Sunday 10 July 2016

Shirley Montag Almon- - A rare female genius in econometrics


Some months back during my master degree at the university of Lagos, i studied the almon approach to the distributed lag model. It was quite interesting and i fell in love with this technique almost immediately. I never knew the propounder was a woman. A beautiful woman she was when i searched for her online. I also discovered she was dead and she died early. She indeed impacted so much in the field of econometrics even with her short time here on earth. This woman have come to be one of my role models. To Shirley, your work on econometrics would
forever live on. Here is a brief profile of her I saw on Wikipedia.

Shirley Montag Almon (1935–1975) was an economist noted for the Almon Lag. She was educated at Goucher College Baltimore and then for her PhD at Harvard (1964).

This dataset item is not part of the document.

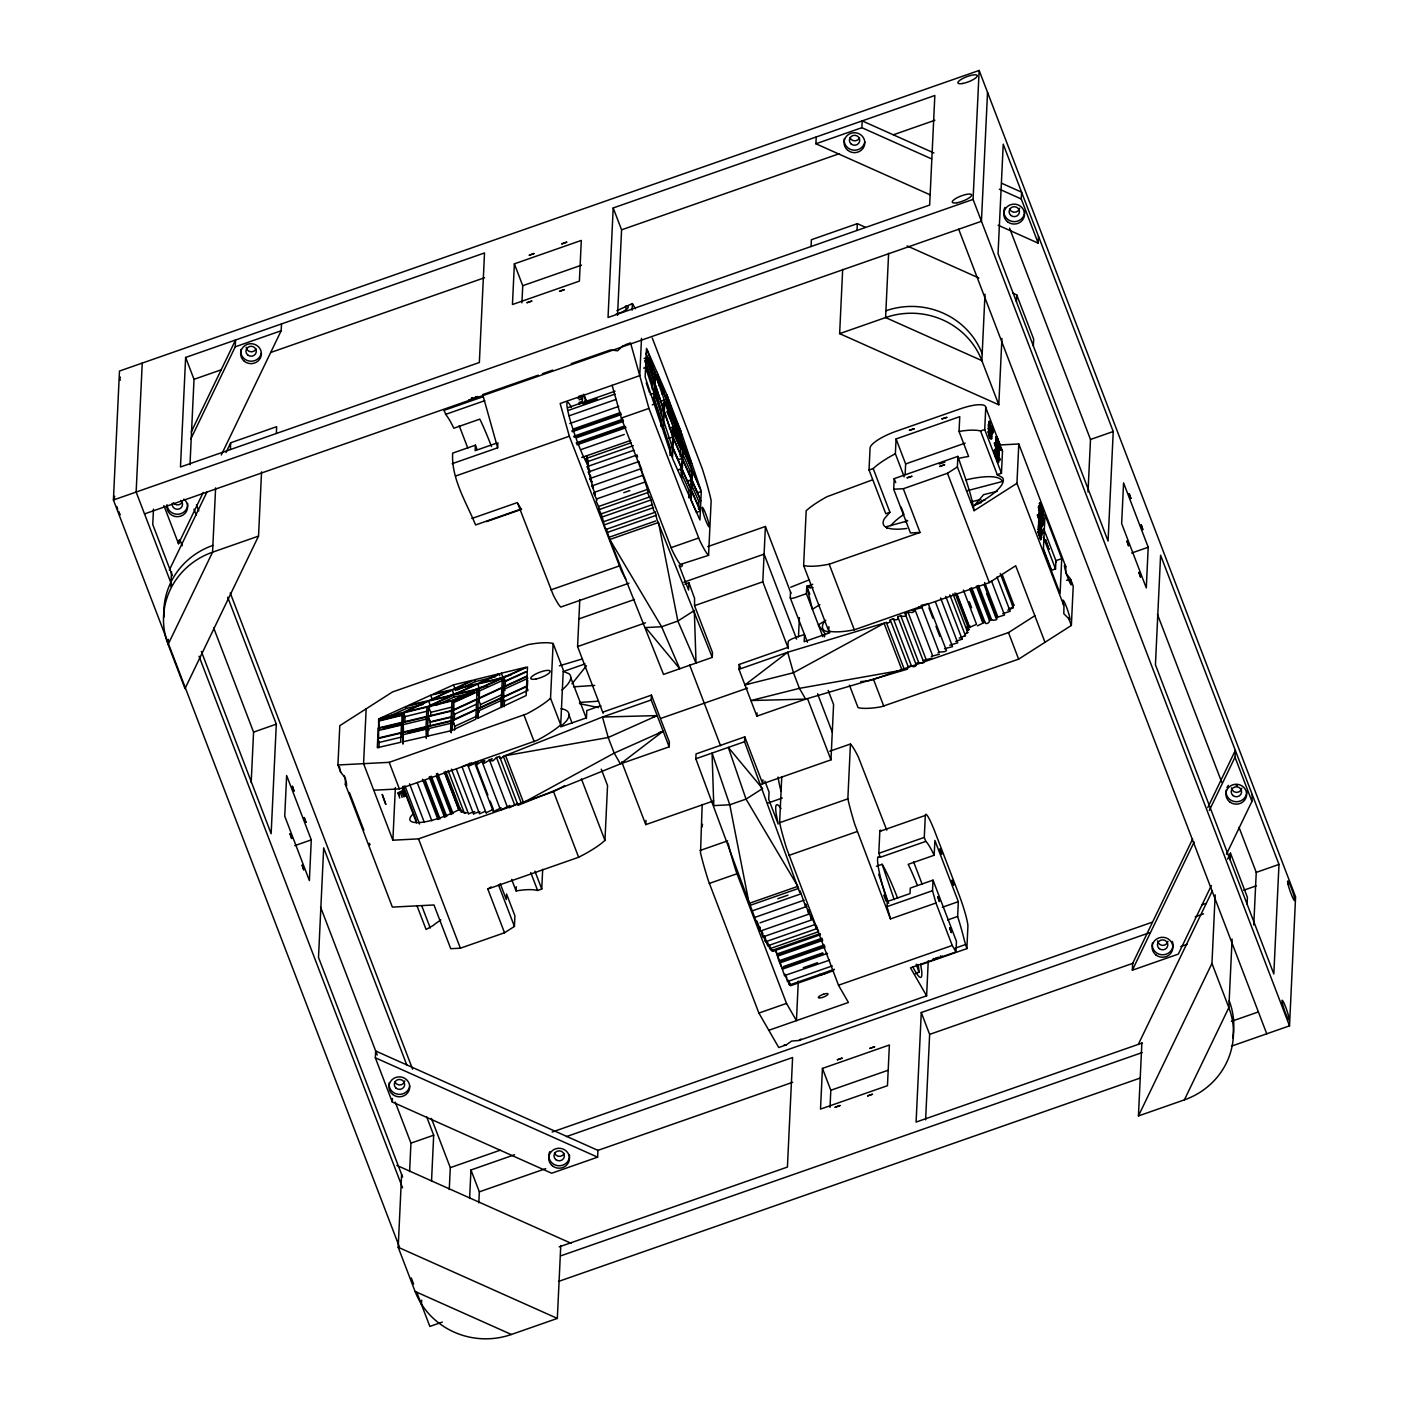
<?xml version="1.0" encoding="UTF-8"?>
<svg xmlns="http://www.w3.org/2000/svg" width="1409" height="1409" viewBox="0 0 1409 1409"><rect width="100%" height="100%" fill="white"/><g stroke="black" fill="none" stroke-linecap="round" stroke-linejoin="round"><path stroke-width="1.5" d="M915.269 973.848L919.073 971.928A62.331 6.781 70.7 0 0 918.069 964.513M290.025 833.776L291.716 838.584L290.148 833.741M294.041 790.977L292.385 786.275M303.763 869.74L302.107 864.985L303.675 869.829M1138.895 572.459L1140.603 577.179L1139.053 572.389M1141.149 524.905L1142.84 529.714L1141.272 524.888M399.469 1247.106L113.407 500.001L119.483 371.043L979.149 70.45L1295.593 896.881L1289.517 1025.84L1231.466 1046.147M142.239 363.082L136.145 492.04L171.511 584.4M153.475 509.177L152.753 524.518L172.356 575.7M168.34 639.351L168.094 644.441L185.019 688.614L258.534 536.107L261.563 471.874M170.824 586.531L171.528 571.631M185.636 357.446L180.475 466.995L479.359 362.5L484.52 252.951L185.636 357.446L194.019 379.32L189.986 464.759M163.902 505.584L178.52 543.733L178.679 540.334M215.612 487.884L212.565 552.187A74.994 71.982 2.7 0 0 168.094 644.441L212.565 552.187L258.534 536.107M230.372 449.559L230.706 442.761L276.657 426.68L276.34 433.479M190.867 438.851L235.233 346.808L235.55 340.009L191.184 432.052M251.189 782.506L253.567 732.116L213.587 627.674M221.283 454.984L281.184 330.728L281.501 323.929M227.694 597.205L276.305 724.156L271.144 833.705L201.364 651.469M311.283 839.87L309.381 880.555L284.741 816.198L286.643 775.514L311.283 839.87L294.745 845.647M500.195 883.584L506.289 899.488L506.553 893.993L514.919 915.868L514.426 926.435L504.528 932.758L460.373 948.204L450.739 948.697L433.99 904.965L392.371 907.114L345.364 784.355L345.416 778.12L340.679 772.15L337.949 764.981L339.798 725.67L392.512 691.96L528.199 644.617A66.663 17.243 -21 0 1 550.655 642.997L553.121 643.473L563.283 670.032L560.712 724.79L559.144 726.216A66.663 17.243 -21 0 1 536.741 740.482L399.363 788.899L373.737 790.22M366.164 708.815L363.575 763.66L392.882 840.204L418.508 838.866L553.526 791.664L559.901 788.318A66.663 17.243 -21 0 0 564.622 785.606M377.771 738.14L378.211 728.523L401.547 722.958L401.107 732.592L377.771 738.14L379.18 742.42L378.915 747.827M378.563 738.087L378.669 719.066L402.005 713.289L401.9 732.539M378.951 729.88L378.669 719.066M375.34 1057.789L375.657 1050.991L597.944 1150.378L597.61 1157.159L551.659 1173.239L392.266 1101.961L375.34 1057.789L597.61 1157.159M392.882 840.204L395.365 787.543M399.716 798.058L398.183 792.686L402.516 790.678L402.851 786.821M401.072 733.103L400.632 742.314L377.313 747.686L377.735 738.668L401.072 733.103L402.516 736.854L379.18 742.42M402.692 732.715L402.974 743.829L402.692 732.715L426.029 727.167L426.293 738.457M403.168 722.57L402.71 732.204L426.046 726.639L426.504 717.022L403.168 722.57L403.52 732.152M403.626 712.884L403.185 722.06L426.522 716.494L426.98 707.107L403.626 712.884L405.052 716.635L404.806 722.13M392.266 1101.961L392.424 1098.562M560.764 1245.609L557.33 1318.419L511.379 1334.482L415.091 1291.437L398.183 1247.264L401.618 1174.454M427.033 722.747L426.504 717.022M427.649 726.78L427.191 736.22L450.545 730.848L451.003 721.214L427.649 726.78L428.001 736.202M427.667 726.269L428.125 716.635L451.479 711.069L451.039 720.703L427.667 726.269L429.093 730.003M428.583 706.719L428.142 716.124L451.514 710.559L451.954 700.925L428.583 706.719L430.749 712.338L430.573 716.089M430.097 726.111L430.273 722.253L428.125 716.635M409.596 1171.619L410.952 1143.139L395.224 1102.102M518.301 504.193L521.083 509.036L475.59 524.941C466.238 502.15 451.162 478.549 452.659 453.134L475.397 445.174L476.964 449.26M421.467 1304.575L421.678 1300.19M451.549 726.938L451.267 732.715L450.545 730.848M452.624 720.651L452.183 730.285L475.766 719.206L476.224 709.801L452.624 720.651L454.79 726.269L454.596 730.126M452.659 720.122L453.117 710.506L476.7 699.657L476.242 709.273L452.659 720.122L454.085 723.874M453.592 700.361L453.134 709.977L476.718 699.128L477.158 689.723L453.592 700.361L453.945 709.942M431.524 1181.2L433.69 1135.196L426.628 1116.721M454.279 720.034L454.543 714.257L453.117 710.506M475.397 445.174L475.132 450.669L495.809 443.43M449.26 1189.513L450.299 1167.656L431.436 1118.394M477.704 695.359L477.158 689.723M477.845 709.044L477.404 718.431L500.952 707.388L501.393 698.212L477.845 709.044L478.215 718.431M477.88 708.516L478.32 698.899L501.868 688.068L501.41 697.684L477.88 708.516L479.307 712.267M479.078 700.255L478.796 688.983L502.326 678.381L503.048 680.248L479.518 690.868L479.166 698.371M480.293 708.375L480.487 704.518L478.32 698.899M452.148 463.702L497.641 447.798L497.888 442.708M469.62 1198.46L470.958 1169.981L514.532 1154.746M514.373 263.835L512.453 304.52L579.398 281.113L581.301 240.428L514.373 263.835L522.739 285.71L521.929 302.829M502.326 678.381L501.886 687.539L478.356 698.371M501.763 707.424L501.393 698.212M478.813 1202.793L479.342 1191.838L470.958 1169.981M503.031 697.455L502.59 706.613L526.138 695.553L526.561 686.623L503.031 697.455L504.457 701.206L504.193 706.702M503.506 687.31L503.048 696.944L526.596 686.113L527.036 676.479L503.506 687.31L503.858 696.891M503.524 686.799L503.964 677.641L527.494 667.021L527.072 675.968L503.524 686.799L504.968 690.551M505.144 686.888L505.391 681.392L503.964 677.641M542.676 869.265L541.76 889.026L537.622 890.47L534.487 889.889A64.057 16.573 -21 0 0 519.164 890.453L516.099 890.964L516.293 886.737M527.406 686.06L527.671 680.283M560.712 724.79L550.532 698.248L553.121 643.473M603.14 713.341L577.584 646.572L579.786 599.741M613.197 207.951L608.036 317.501L929.658 205.045L934.836 95.495L613.197 207.951L621.58 229.826L617.547 315.264M504.528 932.758L487.796 889.026L578.641 857.271L585.017 853.907A66.663 17.243 -21 0 0 601.678 843.181L604.954 840.398L607.543 785.553L601.273 769.155M632.095 310.139L632.394 303.587L616.878 310.685M641.518 338.354L639.756 375.657L560.148 403.502L569.342 436.244L621.422 570.98A66.663 7.256 70.7 0 0 625.86 579.081M645.569 367.978L645.146 376.996L653.653 402.393L654.075 393.164L645.604 367.45L646.044 357.833L644.107 358.502M652.332 389.483L652.614 383.706L644.758 360.44M652.895 377.7L653.072 374.037L645.974 353.219M654.111 392.653L654.569 383.019L646.044 357.833M663.216 419.6L663.657 409.966L655.15 384.763L654.692 394.397L663.181 420.111L662.741 429.534L654.234 404.136L654.674 394.907M660.962 426.451L661.226 420.798L653.371 397.532M661.526 414.51L661.719 410.653L654.516 389.324M663.78 421.855L663.322 431.295L671.846 456.727L672.287 447.093L663.798 421.344L664.255 411.71L672.78 436.949L672.322 446.565M469.021 763.431L471.451 763.132L468.334 766.32L477.968 761.97L475.449 764.893L476.33 764.981L481.913 761.265L484.766 760.613L483.217 763.062L484.291 763.167L492.076 758.641L491.354 760.93L493.062 760.772L496.496 757.443L499.561 756.492L518.036 805.332L620.4 763.889L669.152 746.84L651.205 699.974L651.434 695.13L602.7 712.179M713.676 800.876L645.762 824.635L645.956 820.373M669.979 455.477L670.349 447.78L663.128 426.416M673.854 428.371L673.396 437.988L682.15 457.89L682.608 448.485L673.854 428.371L671.899 429.041M680.3 456.692L680.653 449.172L672.78 431.066M681.657 468.563L681.216 477.968L672.445 458.277L672.886 448.643L681.657 468.563L677.747 469.919M682.132 458.418L681.674 468.035L672.921 448.132L673.379 438.498L682.132 458.418L678.24 459.774L672.974 447.833M669.152 746.84L669.381 741.979L651.434 695.13M682.255 469.937L681.815 479.324L690.569 498.98L691.009 489.804L682.255 469.937L680.318 470.624M688.702 497.817L689.054 490.491L681.181 472.596M689.723 476.154L689.987 470.641L682.995 454.579M691.484 479.659L691.026 489.275L682.291 469.408L682.731 459.792L691.484 479.659L687.592 481.015M691.942 469.972L691.502 479.13L682.766 459.264L683.206 449.876L691.942 469.972L689.987 470.641M692.083 481.033L691.643 490.667L700.379 510.534L700.837 500.899L692.083 481.033L690.146 481.719M684.862 584.189L688.913 582.762L688.578 590.054L679.103 565.326L681.41 566.7A66.663 7.256 70.7 0 0 682.432 563.917M698.529 509.283L698.882 501.586L691.009 483.71M700.361 511.044L699.938 519.974L691.185 500.336L691.608 491.177L700.361 511.044L696.451 512.4L691.203 500.494M701.277 491.442L700.854 500.389L692.118 480.522L692.541 471.363L701.277 491.442L697.385 492.798L691.273 478.743M757.496 922.472L756.932 921.134L757.355 924.586L695.817 758.764L696.046 753.903L744.797 736.872L762.727 783.721L762.921 779.846M612.122 385.309L621.334 418.068L671.917 549.739A66.663 7.256 70.7 0 0 680.353 564.428L708.568 555.34L711.158 500.582L710.295 496.778A66.663 7.256 70.7 0 0 702.21 468.563L652.279 338.037M928.249 960.868L926.611 995.828L798.903 1040.476L791.611 1041.075L786.204 1044.914L778.754 1047.521L758.887 1013.071L708.34 880.625A66.663 7.256 70.7 0 1 700.52 852.85L702.175 804.504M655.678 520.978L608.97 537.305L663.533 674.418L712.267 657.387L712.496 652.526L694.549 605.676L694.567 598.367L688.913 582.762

A core element of her PhD was published in Econometrica (1965) and introduced the now famous technique for estimating distributed lags. She went on to work at the Women's Bureau, the National Bureau of Economic Research, The Federal Reserve Bank of San Francisco, the Federal Reserve Board and at both Wesley College and Harvard University. Her most noted post was her appointment to the staff of the President's Council of Economic Advisors in 1966.[1][2]

Almon was born on February 6, 1935 in Saxonburg, Pennsylvania, the oldest of seven children of Harold and Dorothea Montag. She married Clopper Almon Jr. on June 14, 1958. She was diagnosed with a brain tumor in December 1967 after four years of various symptoms, and died on September 29, 1975 in College Park, Maryland.[1][3]

Selected publications Edit

"The distributed lag between capital appropriations and expenditures". Econometrica 33: 178–196. 1965. JSTOR 1911894.
"Lags between investment decisions and their causes". Review of Economics and Statistics 50: 193–206. 1968. JSTOR 1926195.